50 anni fa su Città Nuova

425 autori raccoglievano in mostra le loro opere alla “4a Biennale d’arte sacra contemporanea” del 1960. Un veloce excursus cerca una chiave di lettura per orientarsi tra tante novità.
Masaccio
Il taccuino delle arti

 

Sono entrato nelle stanze dove si raccolgono a Bologna le opere della “4a Biennale d’arte sacra contemporanea” con quella sospensione del giudizio che, un po’ per natura un po’ per non incrementare i pregiudizi, cerco di impormi all’incontro con un ambiente nuovo.

Qualcosa di buono c’è e si potrebbe tirar fuori soprattutto dai bronzi e dai disegni. Ma è un’opera di cernita che non varrebbe a chiarire le idee. Vorrei piuttosto raccontare un episodio che spesso mi torna in mente a contatto con le opere esposte in tante mostre d’arte contemporanea.

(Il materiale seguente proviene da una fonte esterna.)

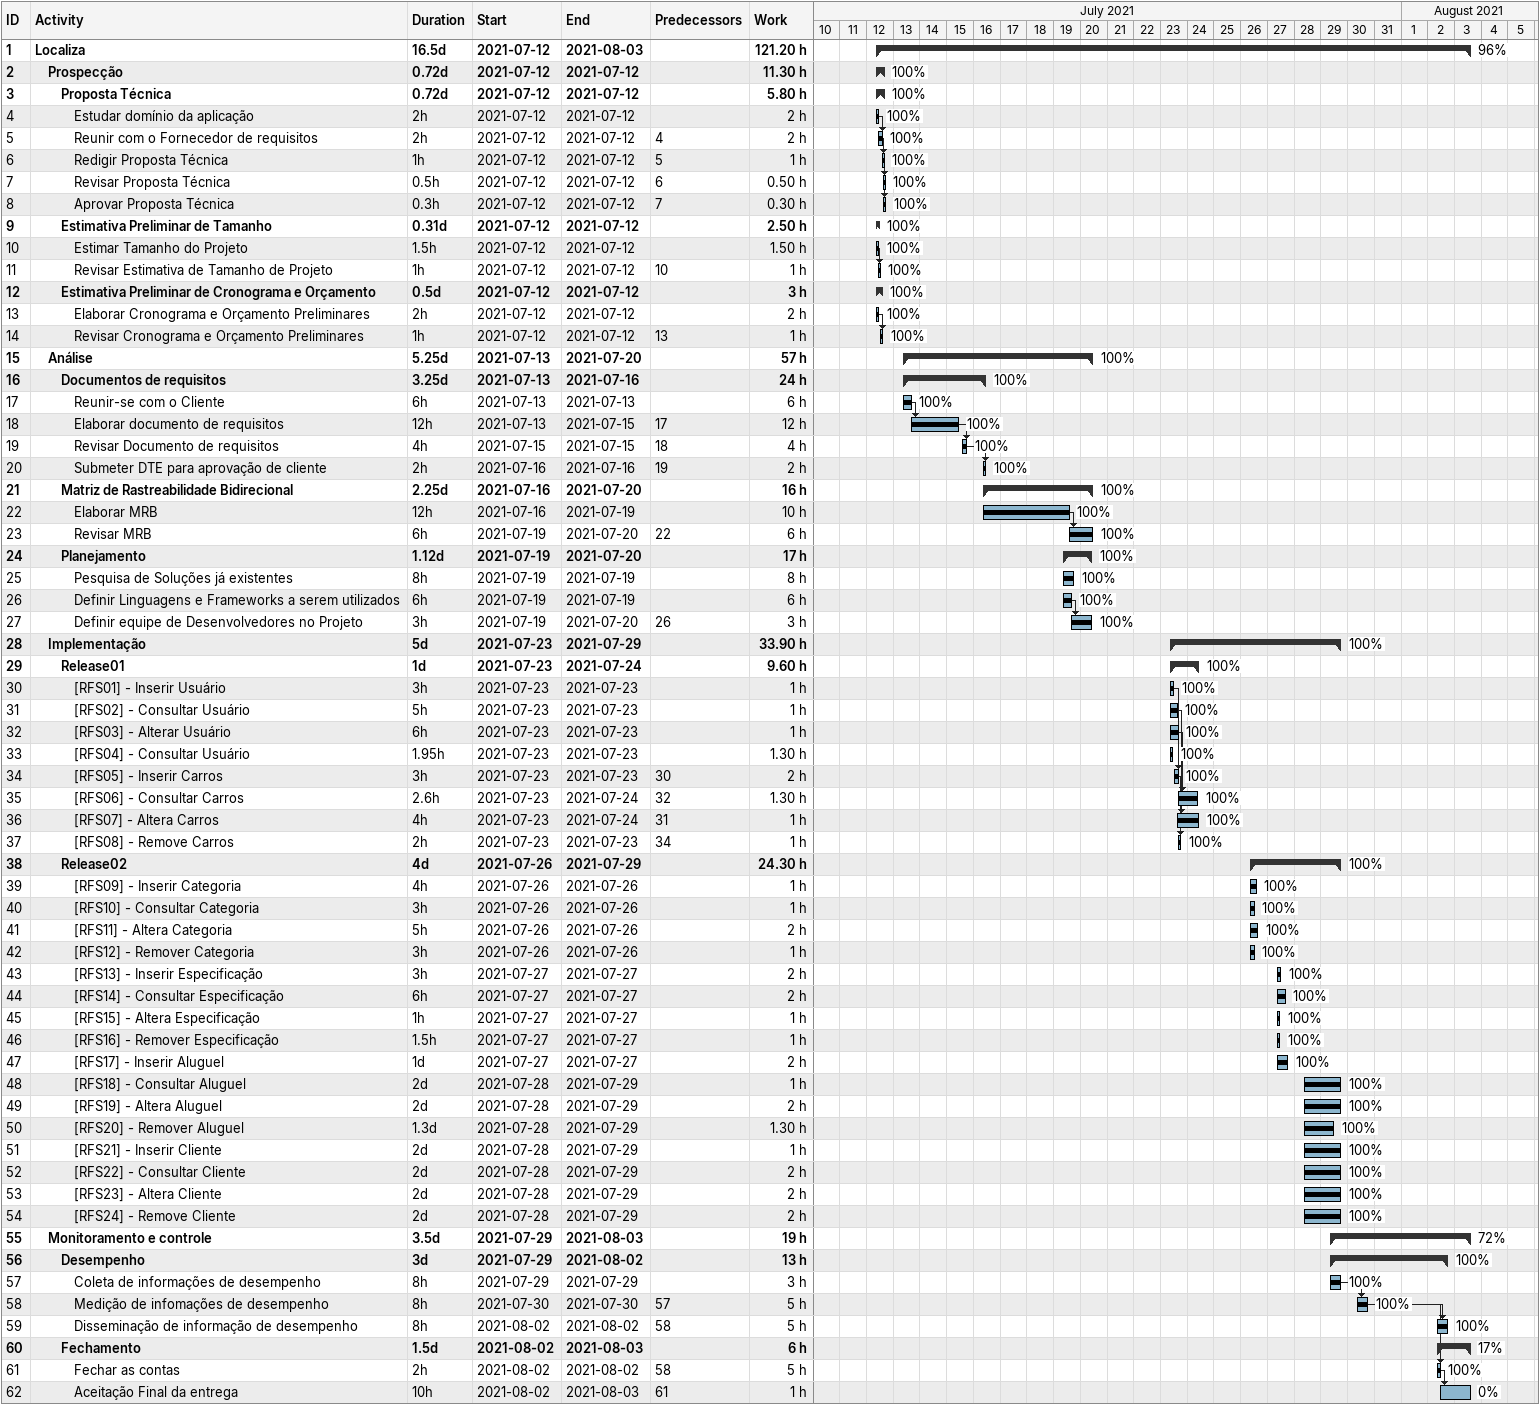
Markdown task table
| ID | Level | Task | Duration | Start | Finish | Predecessors | % complete | Work (h) |
|---|---|---|---|---|---|---|---|---|
| 1 | 1 | **Localiza** | 16.5d | 2021-07-12 | 2021-08-03 |  | 96 | 121.20 |
| 2 | 2 | **Prospecção** | 0.72d | 2021-07-12 | 2021-07-12 |  | 100 | 11.30 |
| 3 | 3 | **Proposta Técnica** | 0.72d | 2021-07-12 | 2021-07-12 |  | 100 | 5.80 |
| 4 | 4 | Estudar domínio da aplicação | 2h | 2021-07-12 | 2021-07-12 |  | 100 | 2 |
| 5 | 4 | Reunir com o Fornecedor de requisitos | 2h | 2021-07-12 | 2021-07-12 | 4 | 100 | 2 |
| 6 | 4 | Redigir Proposta Técnica | 1h | 2021-07-12 | 2021-07-12 | 5 | 100 | 1 |
| 7 | 4 | Revisar Proposta Técnica | 0.5h | 2021-07-12 | 2021-07-12 | 6 | 100 | 0.50 |
| 8 | 4 | Aprovar Proposta Técnica | 0.3h | 2021-07-12 | 2021-07-12 | 7 | 100 | 0.30 |
| 9 | 3 | **Estimativa Preliminar de Tamanho** | 0.31d | 2021-07-12 | 2021-07-12 |  | 100 | 2.50 |
| 10 | 4 | Estimar Tamanho do Projeto | 1.5h | 2021-07-12 | 2021-07-12 |  | 100 | 1.50 |
| 11 | 4 | Revisar Estimativa de Tamanho de Projeto | 1h | 2021-07-12 | 2021-07-12 | 10 | 100 | 1 |
| 12 | 3 | **Estimativa Preliminar de Cronograma e Orçamento** | 0.5d | 2021-07-12 | 2021-07-12 |  | 100 | 3 |
| 13 | 4 | Elaborar Cronograma e Orçamento Preliminares | 2h | 2021-07-12 | 2021-07-12 |  | 100 | 2 |
| 14 | 4 | Revisar Cronograma e Orçamento Preliminares | 1h | 2021-07-12 | 2021-07-12 | 13 | 100 | 1 |
| 15 | 2 | **Análise** | 5.25d | 2021-07-13 | 2021-07-20 |  | 100 | 57 |
| 16 | 3 | **Documentos de requisitos** | 3.25d | 2021-07-13 | 2021-07-16 |  | 100 | 24 |
| 17 | 4 | Reunir-se com o Cliente | 6h | 2021-07-13 | 2021-07-13 |  | 100 | 6 |
| 18 | 4 | Elaborar documento de requisitos | 12h | 2021-07-13 | 2021-07-15 | 17 | 100 | 12 |
| 19 | 4 | Revisar Documento de requisitos | 4h | 2021-07-15 | 2021-07-15 | 18 | 100 | 4 |
| 20 | 4 | Submeter DTE para aprovação de cliente | 2h | 2021-07-16 | 2021-07-16 | 19 | 100 | 2 |
| 21 | 3 | **Matriz de Rastreabilidade Bidirecional** | 2.25d | 2021-07-16 | 2021-07-20 |  | 100 | 16 |
| 22 | 4 | Elaborar MRB | 12h | 2021-07-16 | 2021-07-19 |  | 100 | 10 |
| 23 | 4 | Revisar MRB | 6h | 2021-07-19 | 2021-07-20 | 22 | 100 | 6 |
| 24 | 3 | **Planejamento** | 1.12d | 2021-07-19 | 2021-07-20 |  | 100 | 17 |
| 25 | 4 | Pesquisa de Soluções já existentes | 8h | 2021-07-19 | 2021-07-19 |  | 100 | 8 |
| 26 | 4 | Definir Linguagens e Frameworks a serem utilizados | 6h | 2021-07-19 | 2021-07-19 |  | 100 | 6 |
| 27 | 4 | Definir equipe de Desenvolvedores no Projeto | 3h | 2021-07-19 | 2021-07-20 | 26 | 100 | 3 |
| 28 | 2 | **Implementação** | 5d | 2021-07-23 | 2021-07-29 |  | 100 | 33.90 |
| 29 | 3 | **Release01** | 1d | 2021-07-23 | 2021-07-24 |  | 100 | 9.60 |
| 30 | 4 | [RFS01] - Inserir Usuário | 3h | 2021-07-23 | 2021-07-23 |  | 100 | 1 |
| 31 | 4 | [RFS02] - Consultar Usuário | 5h | 2021-07-23 | 2021-07-23 |  | 100 | 1 |
| 32 | 4 | [RFS03] - Alterar Usuário | 6h | 2021-07-23 | 2021-07-23 |  | 100 | 1 |
| 33 | 4 | [RFS04] - Consultar Usuário | 1.95h | 2021-07-23 | 2021-07-23 |  | 100 | 1.30 |
| 34 | 4 | [RFS05] - Inserir Carros | 3h | 2021-07-23 | 2021-07-23 | 30 | 100 | 2 |
| 35 | 4 | [RFS06] - Consultar Carros | 2.6h | 2021-07-23 | 2021-07-24 | 32 | 100 | 1.30 |
| 36 | 4 | [RFS07] - Altera Carros | 4h | 2021-07-23 | 2021-07-24 | 31 | 100 | 1 |
| 37 | 4 | [RFS08] - Remove Carros | 2h | 2021-07-23 | 2021-07-23 | 34 | 100 | 1 |
| 38 | 3 | **Release02** | 4d | 2021-07-26 | 2021-07-29 |  | 100 | 24.30 |
| 39 | 4 | [RFS09] - Inserir Categoria | 4h | 2021-07-26 | 2021-07-26 |  | 100 | 1 |
| 40 | 4 | [RFS10] - Consultar Categoria | 3h | 2021-07-26 | 2021-07-26 |  | 100 | 1 |
| 41 | 4 | [RFS11] - Altera Categoria | 5h | 2021-07-26 | 2021-07-26 |  | 100 | 2 |
| 42 | 4 | [RFS12] - Remover Categoria | 3h | 2021-07-26 | 2021-07-26 |  | 100 | 1 |
| 43 | 4 | [RFS13] - Inserir Especificação | 3h | 2021-07-27 | 2021-07-27 |  | 100 | 2 |
| 44 | 4 | [RFS14] - Consultar Especificação | 6h | 2021-07-27 | 2021-07-27 |  | 100 | 2 |
| 45 | 4 | [RFS15] - Altera Especificação | 1h | 2021-07-27 | 2021-07-27 |  | 100 | 1 |
| 46 | 4 | [RFS16] - Remover Especificação | 1.5h | 2021-07-27 | 2021-07-27 |  | 100 | 1 |
| 47 | 4 | [RFS17] - Inserir Aluguel | 1d | 2021-07-27 | 2021-07-27 |  | 100 | 2 |
| 48 | 4 | [RFS18] - Consultar Aluguel | 2d | 2021-07-28 | 2021-07-29 |  | 100 | 1 |
| 49 | 4 | [RFS19] - Altera Aluguel | 2d | 2021-07-28 | 2021-07-29 |  | 100 | 2 |
| 50 | 4 | [RFS20] - Remover Aluguel | 1.3d | 2021-07-28 | 2021-07-29 |  | 100 | 1.30 |
| 51 | 4 | [RFS21] - Inserir Cliente | 2d | 2021-07-28 | 2021-07-29 |  | 100 | 1 |
| 52 | 4 | [RFS22] - Consultar Cliente | 2d | 2021-07-28 | 2021-07-29 |  | 100 | 2 |
| 53 | 4 | [RFS23] - Altera Cliente | 2d | 2021-07-28 | 2021-07-29 |  | 100 | 2 |
| 54 | 4 | [RFS24] - Remove Cliente | 2d | 2021-07-28 | 2021-07-29 |  | 100 | 2 |
| 55 | 2 | **Monitoramento e controle** | 3.5d | 2021-07-29 | 2021-08-03 |  | 72 | 19 |
| 56 | 3 | **Desempenho** | 3d | 2021-07-29 | 2021-08-02 |  | 100 | 13 |
| 57 | 4 | Coleta de informações de desempenho | 8h | 2021-07-29 | 2021-07-29 |  | 100 | 3 |
| 58 | 4 | Medição de infomações de desempenho | 8h | 2021-07-30 | 2021-07-30 | 57 | 100 | 5 |
| 59 | 4 | Disseminação de informação de desempenho | 8h | 2021-08-02 | 2021-08-02 | 58 | 100 | 5 |
| 60 | 3 | **Fechamento** | 1.5d | 2021-08-02 | 2021-08-03 |  | 17 | 6 |
| 61 | 4 | Fechar as contas | 2h | 2021-08-02 | 2021-08-02 | 58 | 100 | 5 |
| 62 | 4 | Aceitação Final da entrega | 10h | 2021-08-02 | 2021-08-03 | 61 | 0 | 1 |
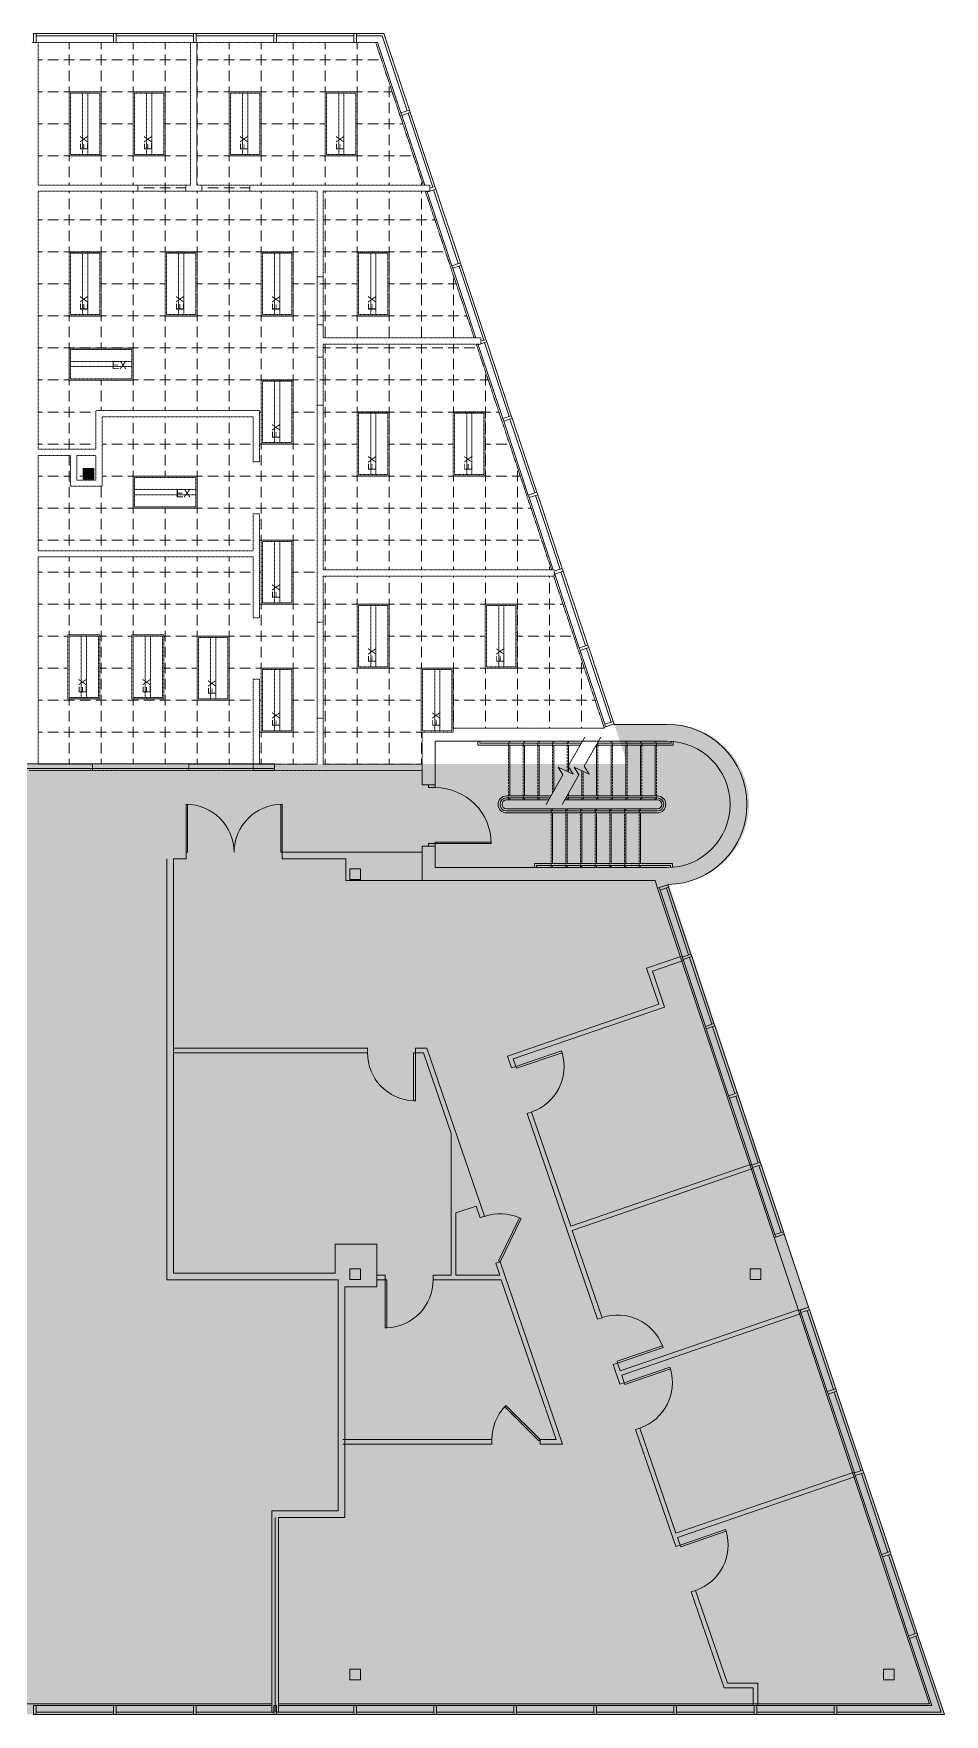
# Model space of a CAD drawing. Header units: inches. Extents: x 81 to 3222, y -575 to 685.
# Drawn here: x 1918 to 2601, y -575 to 685 of the extents above; entities that cross this region are included whole.
import ezdxf

# ---------------------------------------------------------------- set-up
doc = ezdxf.new("R2010")
doc.units = ezdxf.units.IN
doc.header["$MEASUREMENT"] = 0
for name, pattern in [('Demolished', [0.1875, 0.125, -0.0625]), ('Demolished 3_128_', [0.046875, 0.023437, -0.023437]), ('Hidden 1_16_', [0.09375, 0.0625, -0.03125]), ('IMPORT-HIDDEN2', [0.1875, 0.125, -0.0625])]:
    doc.linetypes.add(name, pattern=pattern)
for name, color, linetype, lineweight in [('8603 Westwood - 2nd Floor - suite 200 230_dwg _5_', 8, 'Continuous', 9), ('A-ANNO-NOTE', 131, 'Demolished', 9), ('A-CLNG', 13, 'Demolished', 9), ('A-CLNG-PATT', 13, 'Demolished', 9), ('A-COLS-EXST', 7, 'Continuous', 9), ('A-DETL-GENF', 92, 'Continuous', 9), ('A-DOOR-EXST', 7, 'Continuous', 9), ('A-FLOR-RISR-EXST', 7, 'IMPORT-HIDDEN2', 9), ('A-FLOR-STRS-EXST', 7, 'Continuous', 9), ('A-GLAZ-EXST', 7, 'Continuous', 9), ('A-GLAZ-SILL-EXST', 7, 'Continuous', 9), ('A-WALL-DMIS-EXST', 7, 'Continuous', 9), ('A-WALL-FULL-EXST', 7, 'Continuous', 9), ('A-WALL-PATT', 111, 'Continuous', 13), ('E-LITE-EQPM', 33, 'Demolished', 9), ('I-DOOR-EXST', 7, 'Continuous', 9), ('I-WALL', 2, 'Demolished', 9), ('I-WALL-FULL-EXST', 7, 'Continuous', 9), ('S-COLS', 52, 'Continuous', 13)]:
    doc.layers.add(name, color=color, linetype=linetype, lineweight=lineweight)
doc.styles.add('Arial', font='arial.ttf', dxfattribs={"height": 6})

# ---------------------------------------------------------------- blocks, each defined once
blk = doc.blocks.new('8603 Westwood - 2nd Floor - suite 200 230_dwg_SM59-2584436-Reflected Ceiling Demolition Plan')
at = {"layer": 'A-DOOR-EXST', "flags": 128}
blk.add_lwpolyline([(0, 42), (0, 0), (1, 0), (1, 42)], dxfattribs=at)
at = {"layer": 'A-DOOR-EXST'}
blk.add_arc((0, 0), 42, 360, 90, dxfattribs=at)
blk = doc.blocks.new('8603 Westwood - 2nd Floor - suite 200 230_dwg_SM56-2584438-Reflected Ceiling Demolition Plan')
at = {"layer": 'A-DOOR-EXST', "flags": 128}
for points in [[(0, 36), (0, 0), (1, 0), (1, 36)], [(71, 36), (71, 0), (72, 0), (72, 36)]]:
    blk.add_lwpolyline(points, dxfattribs=at)
at = {"layer": 'A-DOOR-EXST'}
for centre, start, end in [((0, 0), 360, 90), ((72, 0), 90, 180)]:
    blk.add_arc(centre, 36, start, end, dxfattribs=at)
blk = doc.blocks.new('8603 Westwood - 2nd Floor - suite 200 230_dwg__U14-2584455-Reflected Ceiling Demolition Plan')
at = {"layer": 'I-DOOR-EXST', "flags": 128}
blk.add_lwpolyline([(1.4, 0), (1.4, -36), (0, -36), (0, 0)], close=True, dxfattribs=at)
at = {"layer": 'I-DOOR-EXST'}
blk.add_arc((0, 0), 36, 272.2608, 359.9699, dxfattribs=at)
blk = doc.blocks.new('8603 Westwood - 2nd Floor - suite 200 230_dwg__U15-2584456-Reflected Ceiling Demolition Plan')
at = {"layer": 'I-DOOR-EXST', "flags": 128}
blk.add_lwpolyline([(0, 0), (-25.5, 25.5), (-26.4, 24.5), (-1, -1)], close=True, dxfattribs=at)
at = {"layer": 'I-DOOR-EXST'}
blk.add_arc((0.2, 0), 36.2, 137.3511, 179.9428, dxfattribs=at)
blk = doc.blocks.new('8603 Westwood - 2nd Floor - suite 200 230_dwg__U17-2584457-Reflected Ceiling Demolition Plan')
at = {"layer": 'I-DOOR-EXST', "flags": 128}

Fu durante le esercitazioni di Clinica neurologica che un maniaco depressivo nella fase di eccitazione maniacale, davanti a un raccordo della conduttura idrica (da lui considerato un microfono), volle cantare a tutto il mondo le sue canzoni. Erano una serie di note: un Mi, un Sol, un Fa, molto prolungati con la sola pausa per il respiro. Ora tante volte, a contatto con l’arte di avanguardia, ho come l’impressione di trovarmi di fronte a delle note, a delle parole isolate: linee, forme, colori isolati, lucidati e messi in cornice così come sono, come parole senza significato.

Certo, di essere passata (l’arte contemporanea) come un uragano su un campo dove la gramigna aveva distrutto ogni albero fruttifero, io gliene sono riconoscente. Però questo non giustifica il rifiuto a costruire. Ricordo quei tre angeli (nella foto) che assistono Gesù nel Battesimo di santa Corona a Vicenza. Sono lì in piedi su un sasso rivestito di muschio, coperti di tre pezze di stoffa: l’una scarlatta, l’altra gialla, la terza cobalto. Colori messi lì uno accanto all’altro con libertà e arditezza quasi a voler rendere presente accanto a Gesù tutto il mondo sensibile. Ricordo ancora Masaccio costruire il suo primo “crocifisso” piantando la croce su una grande pozza di vermiglio: il mantello della Maddalena adorante. Opere che non si possono dimenticare, non si possono neppure copiare perché diversa è la sintesi figurativa usata per dire quel qualcosa che luccica nell’intimo delle cose: la partecipazione di ogni forma alla divinità di Cristo attraverso la sua umanità. In tal senso potremmo dire che l’arte vera è arte sacra.